Plus que des plans cinématographiques, ce sont des dioramas, véritables images séquences que compose Lav Diaz, plaçant ses protagoniste comme sur une de ces scènes miniatures, souvent religieuses (proximité que l'on peut retrouver sur certains plans comme le dernier, figure prostrée rappelant la posture de la prière - il n'en est rien -, ou lors de ces nombreux jeux de lumière, souvent aveuglante qui jaillit du dehors, inondant l'intérieur, ou du dessus comme pour la scène de la statue).
On peut se risquer à rapprocher le chœur des miliciens aux chœurs antiques, singeant les codes du culte religieux au service du culte despotique, pour ne pas atténuer la théâtralité du processus. Car tout dans la démarche du cinéaste tends volontairement vers l'artificialité, du moins l'affirmation de celle-ci. Mais montrer l'artificialité, c'est aussi laisser exposés les moyens, et par conséquent la pauvreté de ceux-ci; ce qui n'est pas nécessairement un désavantage. Peut être Grotowski et son "théâtre du pauvre" sont une influence pour ce cinéaste qui affirme tourner ses films "littéralement dans la boue"*.

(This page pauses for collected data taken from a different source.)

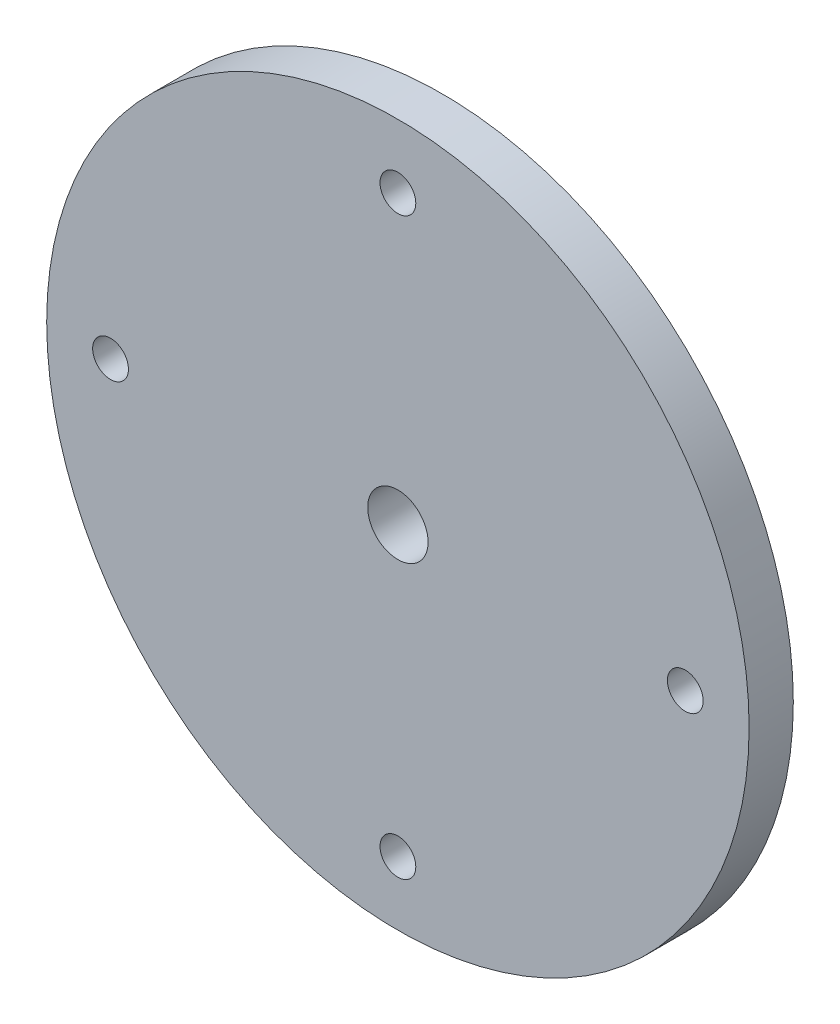
ISO-10303-21;
HEADER;
FILE_DESCRIPTION(('STEP AP214'),'2;1');
FILE_NAME('part.step','',(''),(''),'','','');
FILE_SCHEMA(('AUTOMOTIVE_DESIGN { 1 0 10303 214 1 1 1 1 }'));
ENDSEC;
DATA;
#1=APPLICATION_CONTEXT('core data for automotive mechanical design processes');
#2=APPLICATION_PROTOCOL_DEFINITION('international standard','automotive_design',2000,#1);
#3=PRODUCT_CONTEXT('',#1,'mechanical');
#4=PRODUCT('Part','Part','',(#3));
#5=PRODUCT_RELATED_PRODUCT_CATEGORY('part','',(#4));
#6=PRODUCT_DEFINITION_FORMATION('','',#4);
#7=PRODUCT_DEFINITION_CONTEXT('part definition',#1,'design');
#8=PRODUCT_DEFINITION('design','',#6,#7);
#9=PRODUCT_DEFINITION_SHAPE('','',#8);
#10=(LENGTH_UNIT() NAMED_UNIT(*) SI_UNIT(.MILLI.,.METRE.));
#11=(NAMED_UNIT(*) PLANE_ANGLE_UNIT() SI_UNIT($,.RADIAN.));
#12=(NAMED_UNIT(*) SI_UNIT($,.STERADIAN.) SOLID_ANGLE_UNIT());
#13=UNCERTAINTY_MEASURE_WITH_UNIT(LENGTH_MEASURE(1.E-05),#10,'distance_accuracy_value','');
#14=(GEOMETRIC_REPRESENTATION_CONTEXT(3) GLOBAL_UNCERTAINTY_ASSIGNED_CONTEXT((#13)) GLOBAL_UNIT_ASSIGNED_CONTEXT((#10,
#11,#12)) REPRESENTATION_CONTEXT('',''));
#15=CARTESIAN_POINT('',(0.,0.,0.));
#16=DIRECTION('',(0.,0.,1.));
#17=DIRECTION('',(1.,0.,0.));
#18=AXIS2_PLACEMENT_3D('',#15,#16,#17);
#19=CARTESIAN_POINT('',(0.,0.,4.3942));
#20=DIRECTION('',(0.,0.,1.));
#21=DIRECTION('',(1.,0.,0.));
#22=AXIS2_PLACEMENT_3D('',#19,#20,#21);
#23=PLANE('',#22);
#24=CARTESIAN_POINT('',(0.,-28.575,4.3942));
#25=DIRECTION('',(0.,0.,1.));
#26=DIRECTION('',(1.,0.,0.));
#27=AXIS2_PLACEMENT_3D('',#24,#25,#26);
#28=CIRCLE('',#27,1.778);
#29=CARTESIAN_POINT('',(1.778,-28.575,4.3942));
#30=VERTEX_POINT('',#29);
#31=EDGE_CURVE('E59',#30,#30,#28,.T.);
#32=ORIENTED_EDGE('',*,*,#31,.F.);
#33=EDGE_LOOP('',(#32));
#34=FACE_BOUND('',#33,.T.);
#35=CARTESIAN_POINT('',(0.,28.575,4.3942));
#36=DIRECTION('',(0.,0.,1.));
#37=DIRECTION('',(1.,0.,0.));
#38=AXIS2_PLACEMENT_3D('',#35,#36,#37);
#39=CIRCLE('',#38,1.778);
#40=CARTESIAN_POINT('',(1.778,28.575,4.3942));
#41=VERTEX_POINT('',#40);
#42=EDGE_CURVE('E47',#41,#41,#39,.T.);
#43=ORIENTED_EDGE('',*,*,#42,.F.);
#44=EDGE_LOOP('',(#43));
#45=FACE_BOUND('',#44,.T.);
#46=CARTESIAN_POINT('',(0.,0.,4.3942));
#47=DIRECTION('',(0.,0.,1.));
#48=DIRECTION('',(1.,0.,0.));
#49=AXIS2_PLACEMENT_3D('',#46,#47,#48);
#50=CIRCLE('',#49,34.925);
#51=CARTESIAN_POINT('',(34.925,0.,4.3942));
#52=VERTEX_POINT('',#51);
#53=EDGE_CURVE('E10',#52,#52,#50,.T.);
#54=ORIENTED_EDGE('',*,*,#53,.T.);
#55=EDGE_LOOP('',(#54));
#56=FACE_BOUND('',#55,.T.);
#57=CARTESIAN_POINT('',(0.,0.,4.3942));
#58=DIRECTION('',(0.,0.,1.));
#59=DIRECTION('',(1.,0.,0.));
#60=AXIS2_PLACEMENT_3D('',#57,#58,#59);
#61=CIRCLE('',#60,3.);
#62=CARTESIAN_POINT('',(3.,0.,4.3942));
#63=VERTEX_POINT('',#62);
#64=EDGE_CURVE('E42',#63,#63,#61,.T.);
#65=ORIENTED_EDGE('',*,*,#64,.F.);
#66=EDGE_LOOP('',(#65));
#67=FACE_BOUND('',#66,.T.);
#68=CARTESIAN_POINT('',(28.575,0.,4.3942));
#69=DIRECTION('',(0.,0.,1.));
#70=DIRECTION('',(1.,0.,0.));
#71=AXIS2_PLACEMENT_3D('',#68,#69,#70);
#72=CIRCLE('',#71,1.778);
#73=CARTESIAN_POINT('',(30.353,0.,4.3942));
#74=VERTEX_POINT('',#73);
#75=EDGE_CURVE('E53',#74,#74,#72,.T.);
#76=ORIENTED_EDGE('',*,*,#75,.F.);
#77=EDGE_LOOP('',(#76));
#78=FACE_BOUND('',#77,.T.);
#79=CARTESIAN_POINT('',(-28.575,0.,4.3942));
#80=DIRECTION('',(0.,0.,1.));
#81=DIRECTION('',(1.,0.,0.));
#82=AXIS2_PLACEMENT_3D('',#79,#80,#81);
#83=CIRCLE('',#82,1.77800000000001);
#84=CARTESIAN_POINT('',(-26.797,0.,4.3942));
#85=VERTEX_POINT('',#84);
#86=EDGE_CURVE('E65',#85,#85,#83,.T.);
#87=ORIENTED_EDGE('',*,*,#86,.F.);
#88=EDGE_LOOP('',(#87));
#89=FACE_BOUND('',#88,.T.);
#90=ADVANCED_FACE('F31',(#34,#45,#56,#67,#78,#89),#23,.T.);
#91=CARTESIAN_POINT('',(0.,0.,0.));
#92=DIRECTION('',(0.,0.,1.));
#93=DIRECTION('',(1.,0.,0.));
#94=AXIS2_PLACEMENT_3D('',#91,#92,#93);
#95=PLANE('',#94);
#96=CARTESIAN_POINT('',(0.,-28.575,0.));
#97=DIRECTION('',(0.,0.,1.));
#98=DIRECTION('',(1.,0.,0.));
#99=AXIS2_PLACEMENT_3D('',#96,#97,#98);
#100=CIRCLE('',#99,1.778);
#101=CARTESIAN_POINT('',(1.778,-28.575,0.));
#102=VERTEX_POINT('',#101);
#103=EDGE_CURVE('E62',#102,#102,#100,.T.);
#104=ORIENTED_EDGE('',*,*,#103,.T.);
#105=EDGE_LOOP('',(#104));
#106=FACE_BOUND('',#105,.T.);
#107=CARTESIAN_POINT('',(0.,28.575,0.));
#108=DIRECTION('',(0.,0.,1.));
#109=DIRECTION('',(1.,0.,0.));
#110=AXIS2_PLACEMENT_3D('',#107,#108,#109);
#111=CIRCLE('',#110,1.778);
#112=CARTESIAN_POINT('',(1.778,28.575,0.));
#113=VERTEX_POINT('',#112);
#114=EDGE_CURVE('E50',#113,#113,#111,.T.);
#115=ORIENTED_EDGE('',*,*,#114,.T.);
#116=EDGE_LOOP('',(#115));
#117=FACE_BOUND('',#116,.T.);
#118=CARTESIAN_POINT('',(0.,0.,0.));
#119=DIRECTION('',(0.,0.,1.));
#120=DIRECTION('',(1.,0.,0.));
#121=AXIS2_PLACEMENT_3D('',#118,#119,#120);
#122=CIRCLE('',#121,34.925);
#123=CARTESIAN_POINT('',(34.925,0.,0.));
#124=VERTEX_POINT('',#123);
#125=EDGE_CURVE('E35',#124,#124,#122,.T.);
#126=ORIENTED_EDGE('',*,*,#125,.F.);
#127=EDGE_LOOP('',(#126));
#128=FACE_BOUND('',#127,.T.);
#129=CARTESIAN_POINT('',(0.,0.,0.));
#130=DIRECTION('',(0.,0.,1.));
#131=DIRECTION('',(1.,0.,0.));
#132=AXIS2_PLACEMENT_3D('',#129,#130,#131);
#133=CIRCLE('',#132,3.);
#134=CARTESIAN_POINT('',(3.,0.,0.));
#135=VERTEX_POINT('',#134);
#136=EDGE_CURVE('E44',#135,#135,#133,.T.);
#137=ORIENTED_EDGE('',*,*,#136,.T.);
#138=EDGE_LOOP('',(#137));
#139=FACE_BOUND('',#138,.T.);
#140=CARTESIAN_POINT('',(28.575,0.,0.));
#141=DIRECTION('',(0.,0.,1.));
#142=DIRECTION('',(1.,0.,0.));
#143=AXIS2_PLACEMENT_3D('',#140,#141,#142);
#144=CIRCLE('',#143,1.778);
#145=CARTESIAN_POINT('',(30.353,0.,0.));
#146=VERTEX_POINT('',#145);
#147=EDGE_CURVE('E56',#146,#146,#144,.T.);
#148=ORIENTED_EDGE('',*,*,#147,.T.);
#149=EDGE_LOOP('',(#148));
#150=FACE_BOUND('',#149,.T.);
#151=CARTESIAN_POINT('',(-28.575,0.,0.));
#152=DIRECTION('',(0.,0.,1.));
#153=DIRECTION('',(1.,0.,0.));
#154=AXIS2_PLACEMENT_3D('',#151,#152,#153);
#155=CIRCLE('',#154,1.77800000000001);
#156=CARTESIAN_POINT('',(-26.797,0.,0.));
#157=VERTEX_POINT('',#156);
#158=EDGE_CURVE('E68',#157,#157,#155,.T.);
#159=ORIENTED_EDGE('',*,*,#158,.T.);
#160=EDGE_LOOP('',(#159));
#161=FACE_BOUND('',#160,.T.);
#162=ADVANCED_FACE('F78',(#106,#117,#128,#139,#150,#161),#95,.F.);
#163=CARTESIAN_POINT('',(0.,0.,4.3942));
#164=DIRECTION('',(0.,0.,-1.));
#165=DIRECTION('',(-1.,0.,0.));
#166=AXIS2_PLACEMENT_3D('',#163,#164,#165);
#167=CYLINDRICAL_SURFACE('',#166,34.925);
#168=ORIENTED_EDGE('',*,*,#53,.F.);
#169=EDGE_LOOP('',(#168));
#170=FACE_BOUND('',#169,.T.);
#171=ORIENTED_EDGE('',*,*,#125,.T.);
#172=EDGE_LOOP('',(#171));
#173=FACE_BOUND('',#172,.T.);
#174=ADVANCED_FACE('F33',(#170,#173),#167,.T.);
#175=CARTESIAN_POINT('',(0.,0.,4.3942));
#176=DIRECTION('',(0.,0.,-1.));
#177=DIRECTION('',(-1.,0.,0.));
#178=AXIS2_PLACEMENT_3D('',#175,#176,#177);
#179=CYLINDRICAL_SURFACE('',#178,3.);
#180=ORIENTED_EDGE('',*,*,#64,.T.);
#181=EDGE_LOOP('',(#180));
#182=FACE_BOUND('',#181,.T.);
#183=ORIENTED_EDGE('',*,*,#136,.F.);
#184=EDGE_LOOP('',(#183));
#185=FACE_BOUND('',#184,.T.);
#186=ADVANCED_FACE('F88',(#182,#185),#179,.F.);
#187=CARTESIAN_POINT('',(0.,28.575,4.3942));
#188=DIRECTION('',(0.,0.,-1.));
#189=DIRECTION('',(-1.,0.,0.));
#190=AXIS2_PLACEMENT_3D('',#187,#188,#189);
#191=CYLINDRICAL_SURFACE('',#190,1.778);
#192=ORIENTED_EDGE('',*,*,#42,.T.);
#193=EDGE_LOOP('',(#192));
#194=FACE_BOUND('',#193,.T.);
#195=ORIENTED_EDGE('',*,*,#114,.F.);
#196=EDGE_LOOP('',(#195));
#197=FACE_BOUND('',#196,.T.);
#198=ADVANCED_FACE('F91',(#194,#197),#191,.F.);
#199=CARTESIAN_POINT('',(28.575,0.,4.3942));
#200=DIRECTION('',(0.,0.,-1.));
#201=DIRECTION('',(-1.,0.,0.));
#202=AXIS2_PLACEMENT_3D('',#199,#200,#201);
#203=CYLINDRICAL_SURFACE('',#202,1.778);
#204=ORIENTED_EDGE('',*,*,#75,.T.);
#205=EDGE_LOOP('',(#204));
#206=FACE_BOUND('',#205,.T.);
#207=ORIENTED_EDGE('',*,*,#147,.F.);
#208=EDGE_LOOP('',(#207));
#209=FACE_BOUND('',#208,.T.);
#210=ADVANCED_FACE('F95',(#206,#209),#203,.F.);
#211=CARTESIAN_POINT('',(0.,-28.575,4.3942));
#212=DIRECTION('',(0.,0.,-1.));
#213=DIRECTION('',(-1.,0.,0.));
#214=AXIS2_PLACEMENT_3D('',#211,#212,#213);
#215=CYLINDRICAL_SURFACE('',#214,1.778);
#216=ORIENTED_EDGE('',*,*,#31,.T.);
#217=EDGE_LOOP('',(#216));
#218=FACE_BOUND('',#217,.T.);
#219=ORIENTED_EDGE('',*,*,#103,.F.);
#220=EDGE_LOOP('',(#219));
#221=FACE_BOUND('',#220,.T.);
#222=ADVANCED_FACE('F99',(#218,#221),#215,.F.);
#223=CARTESIAN_POINT('',(-28.575,0.,4.3942));
#224=DIRECTION('',(0.,0.,-1.));
#225=DIRECTION('',(-1.,0.,0.));
#226=AXIS2_PLACEMENT_3D('',#223,#224,#225);
#227=CYLINDRICAL_SURFACE('',#226,1.77800000000001);
#228=ORIENTED_EDGE('',*,*,#86,.T.);
#229=EDGE_LOOP('',(#228));
#230=FACE_BOUND('',#229,.T.);
#231=ORIENTED_EDGE('',*,*,#158,.F.);
#232=EDGE_LOOP('',(#231));
#233=FACE_BOUND('',#232,.T.);
#234=ADVANCED_FACE('F74',(#230,#233),#227,.F.);
#235=CLOSED_SHELL('',(#90,#162,#174,#186,#198,#210,#222,#234));
#236=MANIFOLD_SOLID_BREP('B2',#235);
#237=ADVANCED_BREP_SHAPE_REPRESENTATION('',(#18,#236),#14);
#238=SHAPE_DEFINITION_REPRESENTATION(#9,#237);
ENDSEC;
END-ISO-10303-21;

La démarche de Lav Diaz est, on le voit d'emblée, limpide et sans compromis. C'est de cette radicalité dont le film tire autant sa force que ses faiblesses. Car c'est un film à charge, un véritable "traité de guerre" à peine voilé à l'encontre du régime du Duterte, un film fait dans l'urgence de la lutte. Diaz choisit la peinture, l'expressionnisme d'un mal enraciné dans l'histoire de son pays, et qui ne cesse de refaire surface sous de nouveaux avatars (Marcos/Duterte, Narcicso/Janus, les nombreux masques du mal).
De cette radicalité du sens se joint une - ou plutôt deux autres, sensiblement formelles: les images ou tableaux séquences, et le chant. Ces tableaux s'enchainent dans l'abrupt de leur longueur, et de leur absence de raccord (pas de raccords mouvement, ni autres que dramatiques). De cet amoncellement ressort une sécheresse qui ne s’atténue pas, renforcée même par la dilution de la narration. C'est épuisant, boueux, amer. C'est encore une fois sa principale qualité, mais aussi son défaut majeur. C'est de cette densité que jaillit "l'or" de "la boue"*, mais c'est là que se tapît aussi l’écœurement. De même pour le chant qui élève la parole à une densité lyrique, une parole pleine qui emplit l'espace, par sa résonance, par son monopole sur les bruits, sur les autres sons, par les effets de répétitions, de chœur. Faire de la parole une partition chantée, c'est autoriser son partage, lui permettre une choralité, et lorsque c'est au tour du chœur corrompu (la milice), le droit d'être détournée, vidée de son sens, de donner corps à la voix de l'imposture. Mais c'est aussi un risque de systématisme formel, une proximité, parfois, avec l'enlisement, ou encore une fois l’écœurement que risque Lav Diaz.
Bien que je n'aie pas été entièrement conquis par La Saison du diable, cela reste néanmoins une expérience unique, avec son lot de découvertes, d'illuminations. Certaines scènes me restent particulièrement en mémoire, dont la première scène d'Hugo, la première séquence de "la sorcière",les instants rares et épars de l'enfant aux avions de papier - que l'on devine être Hugo? -, la scène de la statue, la dernière apparition de Lorena, et cette dernière heure, si dense, ou la narration se fait plus précise, plus intense. Pour ces moments là, mais aussi pour la franchise acerbe de sa démarche, c'est une expérience unique qui mérite d'être vécue, malgré toute l'énergie et la volonté qu'elle exige pour tenir jusqu'au bout.
*Propos tirés de l'entretien avec Lav Diaz par Antoine Thirion pour le magasine Mouvement.